I am a woman, a sister, a daughter, a friend, a minority, a physician, a researcher, a Muslim, a health advocate, a believer in social justice…I am a part of one and many communities.
I was never an individual, being raised by my family and my “community.” We celebrated birthdays, broke bread, and prayed with our community. My parents’ friends were my second parents and their children were my brothers and sisters. The line between friends and family was thin and indistinguishable.
I have lived my academic life since then, moving from city to city and having built-in friendships, either through my dorm mates in college, my medical school classmates or my residency class. But then I moved to Los Angeles, alone, with no one to share my life with; I realized that for the first time I did not have a community.
I passed my neighbors in the hallway, always hesitant to say hello. I chatted with my postman, only realizing his surprise. I got to know the workers at the local coffee shop, only for it to close down a few months later. I took weekly trips to the local ice cream store and chatted with the same kid who made me my chocolate sundae. He never knew I would make these trips just so I could feel a part of my neighborhood. But in each situation, I realized that everyone was happy to say hello and talk to me, sensing my sincerity and my acknowledgment of their existence in my life.
I found more peace in my new life by starting to volunteer in my local community health center and caring for the homeless patients in my neighborhood, only to bump into them at the movies or walking down the street. I found some happiness in knowing that I not only lived in my neighborhood but also shared it with others, perhaps others who did not know that the physician who treated their skin infection was also a part of their community.

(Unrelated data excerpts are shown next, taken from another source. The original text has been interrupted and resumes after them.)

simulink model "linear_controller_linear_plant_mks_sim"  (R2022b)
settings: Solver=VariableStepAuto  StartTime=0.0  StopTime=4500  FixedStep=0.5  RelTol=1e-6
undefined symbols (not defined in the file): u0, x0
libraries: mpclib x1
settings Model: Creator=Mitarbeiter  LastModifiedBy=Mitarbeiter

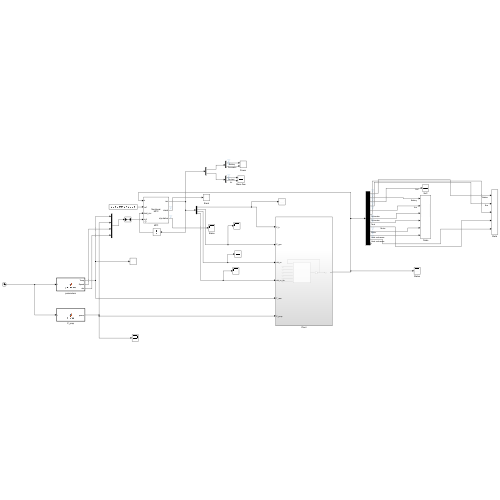
[thumbnail: Simulink's stored preview of the top-level diagram]
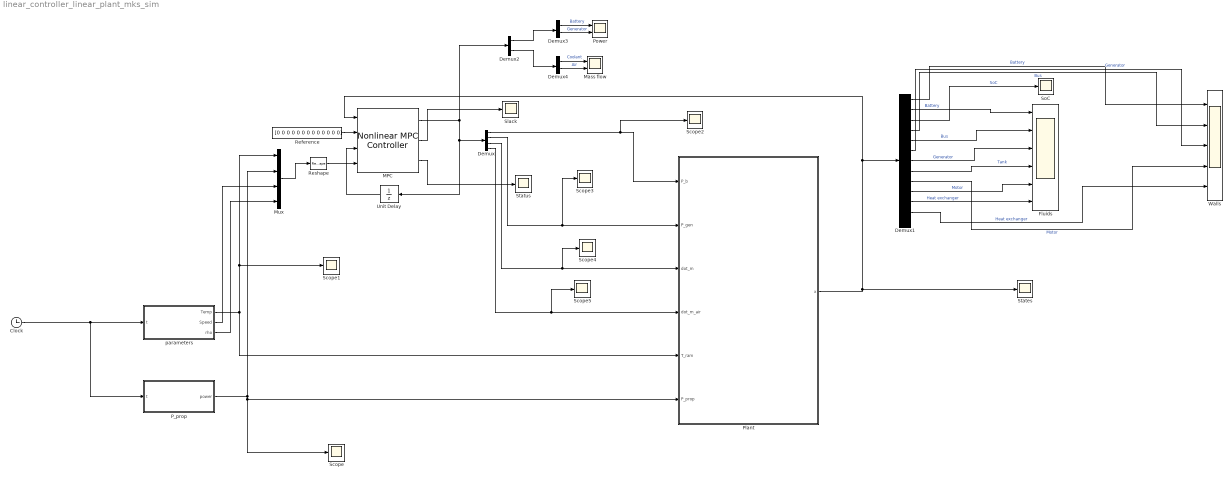
== system linear_controller_linear_plant_mks_sim ==
  Clock : Clock
  Demux : Demux
  Demux1 : Demux  Outputs=13
  Demux2 : Demux  Outputs=2
  Demux3 : Demux  Outputs=2
  Demux4 : Demux  Outputs=2
  Fluids : Scope  NumInputPorts=6
  MPC : mpclib/Nonlinear MPC Controller  nlmpcobj=nlobj  UseObjectTs=on  UseMEX=off  md_enabled=on  mvtarget_enabled=off  param_enabled=off  cost_enabled=off  mvseq_enabled=off  stateseq_enabled=off  ovseq_enabled=off  slack_enabled=on  status_enabled=on  ov_min=off  ov_max=off  mv_min=off  mv_max=off  mvrate_min=off  mvrate_max=off  state_min=off  state_max=off  ov_weight=off  mv_weight=off  mvrate_weight=off  ecr_weight=off  nlp_initialize=off
  Mass flow : Scope  NumInputPorts=2
  Mux : Mux
  P_prop : MATLAB Function  TreatAsAtomicUnit=on
  Plant : Subsystem
  Power : Scope  NumInputPorts=2
  Reference : Constant  Value=[0 0 0 0 0 0 0 0 0 0 0 0 0]  VectorParams1D=off
  Reshape : Reshape  OutputDimensionality=Row vector (2-D)
  Scope{,1..5} (6 alike) : Scope
  Slack : Scope
  SoC : Scope
  States : Scope
  Status : Scope
  Unit Delay : UnitDelay  InitialCondition=u0  SampleTime=-1  HasFrameUpgradeWarning=on
  Walls : Scope  NumInputPorts=5
  parameters : MATLAB Function  TreatAsAtomicUnit=on
  wires:
  Clock/1 -> parameters/1(t), P_prop/1(t)
  parameters/1(Temp) -> Scope1/1, Mux/1, Plant/5(T_ram)
  P_prop/1(power) -> Scope/1, Plant/6(P_prop), Mux/2
  Plant/1(x) -> MPC/1, Demux1/1, States/1
  Reference/1 -> MPC/2
  Demux/1 -> Scope2/1, Plant/1(P_b)
  Demux/2 -> Scope3/1, Plant/2(P_gen)
  MPC/1 -> Demux2/1, Demux/1, Unit Delay/1
  Mux/1 -> Reshape/1
  Unit Delay/1 -> MPC/3
  Reshape/1 -> MPC/4
  Demux1/3 -> SoC/1  "SoC"
  MPC/3 -> Status/1
  Demux/3 -> Scope4/1, Plant/3(dot_m)
  Demux/4 -> Scope5/1, Plant/4(dot_m_air)
  parameters/2(Speed) -> Mux/3
  MPC/2 -> Slack/1
  parameters/3(rho) -> Mux/4
  Demux4/1 -> Mass flow/1  "Coolant"
  Demux4/2 -> Mass flow/2  "Air"
  Demux3/2 -> Power/2  "Generator"
  Demux3/1 -> Power/1  "Battery"
  Demux2/1 -> Demux3/1
  Demux2/2 -> Demux4/1
  Demux1/1 -> Walls/1  "Battery"
  Demux1/2 -> Fluids/1  "Battery"
  Demux1/4 -> Walls/2  "Bus"
  Demux1/5 -> Fluids/2  "Bus"
  Demux1/6 -> Walls/3  "Generator"
  Demux1/7 -> Fluids/3  "Generator"
  Demux1/8 -> Fluids/4  "Tank"
  Demux1/9 -> Walls/4  "Motor"
  Demux1/10 -> Fluids/5  "Motor"
  Demux1/11 -> Fluids/6  "Heat exchanger"
  Demux1/12 -> Walls/5  "Heat exchanger"

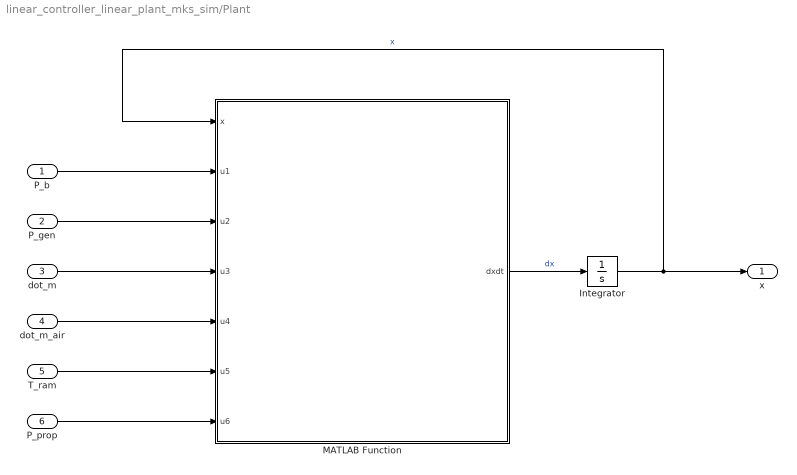
== system linear_controller_linear_plant_mks_sim/Plant ==
  P_b : Inport
  P_gen : Inport  Port=2
  dot_m : Inport  Port=3
  dot_m_air : Inport  Port=4
  T_ram : Inport  Port=5
  P_prop : Inport  Port=6
  Integrator : Integrator  InitialCondition=x0
  MATLAB Function : MATLAB Function  TreatAsAtomicUnit=on
  x : Outport
  wires:
  MATLAB Function/1(dxdt) -> Integrator/1  "dx"
  Integrator/1 -> x/1, MATLAB Function/1(x)  "x"
  P_prop/1 -> MATLAB Function/7(u6)
  P_b/1 -> MATLAB Function/2(u1)
  dot_m/1 -> MATLAB Function/4(u3)
  dot_m_air/1 -> MATLAB Function/5(u4)
  T_ram/1 -> MATLAB Function/6(u5)
  P_gen/1 -> MATLAB Function/3(u2)

== matlab function linear_controller_linear_plant_mks_sim/P_prop ==
  data: t input; power output
function power = P_prop(t)
    T_off = 60;
    t_cruise = 420;
    t_descent = 3660;
    t_landing = 4020;
    t_taxi = 4080;
    t_final = 4440;
    
    step = 636e3;
    P_slope_1 = (262e3 - 636e3)/(t_cruise - T_off);
    P_slope_2 = (114e3 - 262e3)/(t_landing - t_descent);
    P_slope_3 = (158e3 - 114e3)/(t_taxi - t_landing);
    P_slope_4 = (40e3 - 158e3)/(t_final - t_taxi);
    
    
    
    p_ramp1 = zeros(size(t));
    p_ramp1(t >= T_off) = P_slope_1 * (t(t >= T_off) - T_off);
    
    p_ramp2 = zeros(size(t));
    p_ramp2(t >= t_cruise) = -P_slope_1 * (t(t >= t_cruise) - t_cruise);
    
    p_ramp3 = zeros(size(t));
    p_ramp3(t >= t_descent) = P_slope_2 * (t(t >= t_descent) - t_descent);
    
    p_ramp4 = zeros(size(t));
    p_ramp4(t >= t_landing) = (P_slope_3 - P_slope_2) * (t(t >= t_landing) - t_landing);
    
    p_ramp5 = zeros(size(t));
    p_ramp5(t >= t_taxi) = (P_slope_4 - P_slope_3) * (t(t >= t_taxi) - t_taxi);
    
    power = step + p_ramp1 + p_ramp2 + p_ramp3 + p_ramp4 + p_ramp5;
    power(power < 0) = 0;
end

== matlab function linear_controller_linear_plant_mks_sim/Plant/MATLAB Function ==
  data: x input; dxdt output; u1 input; u2 input; u3 input; u4 input; u5 input; u6 input
function dxdt = fcn(x,u1,u2,u3,u4,u5,u6)

 dxdt = aircraft_dynamics_linear(x,[u1;u2;u3;u4;u5;u6]);

== matlab function linear_controller_linear_plant_mks_sim/parameters ==
  data: t input; Temp output; Speed output; rho output
function [Temp, Speed, rho] = parameters(t)
    %% Calculates aircraft altitude in ft and m

    T_off = 60;
    t_cruise = 420;
    t_landing = 3660;
    t_final = 4440;

    r_slope = (4000-50)/(t_cruise-T_off);
    r_slope2 =(0-4000)/(t_final-t_landing);
    
    step = 50;
    
    r_ramp1 = zeros(size(t));
    r_ramp1(t >= T_off) = r_slope * (t(t >= T_off) - T_off);
    
    r_ramp2 = zeros(size(t));
    r_ramp2(t >= t_cruise) = -r_slope * (t(t >= t_cruise) - t_cruise);
    
    r_ramp3 = zeros(size(t));
    r_ramp3(t >= t_landing) = r_slope2 * (t(t >= t_landing) - t_landing);
    
    h = step + r_ramp1 + r_ramp2 + r_ramp3;
    h(h < 0) = 0;
    
    h = 0.3048 * h;   % convert from feet to meters

    %% Calculates the ambient temperature and speed of sound (Obtained from Bing AI)
    Gamma = 1.4; % air specific heat ratio
    R = 287.053; % J/(kg.K) % gas constant
    T_amp = -6.5 * 1e-3 * h + 15;  % ambient temperature
    a = sqrt(Gamma * R * (T_amp + 273.15)); % speed of sound

    %% Calculates aircraft speed in knots; converted to Mach and m/s

    s_slope_1 = 77/60; %0.25 / 1
    s_slope_2 = (125 - 77) / (t_cruise - T_off);
    s_slope_3 = (78 - 125) / (t_final - t_landing);
    
    S_ramp = zeros(size(t));
    S_ramp(t <= T_off) = s_slope_1 * t(t <= T_off);
    
    S_ramp1 = zeros(size(t));
    S_ramp1(t > T_off & t < t_cruise) = s_slope_2 * (t(t > T_off & t < t_cruise) - T_off) + 77;
    
    S_ramp2 = zeros(size(t));
    S_ramp2(t >= t_cruise & t <= t_landing) = 125;
    
    S_ramp3 = zeros(size(t));
    S_ramp3(t > t_landing & t <= t_final) = s_slope_3 * (t(t > t_landing & t <= t_final) - t_landing) + 125;
    
    S_ramp4 = zeros(size(t));
    S_ramp4(t > t_final) = s_slope_3 * (t(t > t_final) - t_final) + 78;
    
    
    knot = S_ramp + S_ramp1 + S_ramp2 + S_ramp3 + S_ramp4; % True aircraft speed (TSA) in knots
    
    knot = 0.5144 * knot; %  TSA in m/s 
    Mach = knot / a; % Mach number

    Speed = Mach * 343; % Convert Mach to m/s
    %% Calculates the ram temperature
    Temp = T_amp * (1+Mach^2 * ((Gamma-1)/2));

    %% Calculate Pressure altitude and air density

    P0 = 101325; % Pressure at standard see level in Pascal
    P = P0 * (1 - 2.25577e-5 * h).^5.25588; % Pressure altitude % Obtained from Bing AI

    rho = P/(R* (T_amp+273.15));
end

My work now takes me to churches in the poorest areas of Los Angeles every Sunday where I see the strength of community. I see the El Salvadoran, Guatemalan and Filipino communities congregate after mass and share a meal with each other. Part of me is envious of their community.
Through my time in this new city though, I have tapped into my cultural and religious community and have found much solace and companionship. The bond of culture and religion is strong and brings people who may otherwise be very different into everlasting friendships.
I believe in the importance of community and how I will need to be a part of one always. I have come to realize that a little effort on my part, a small gesture, a single hello, opens up doorways that normally would be shut. Only by putting forth my own effort will I become a part of my community and will people realize that I am a part of theirs.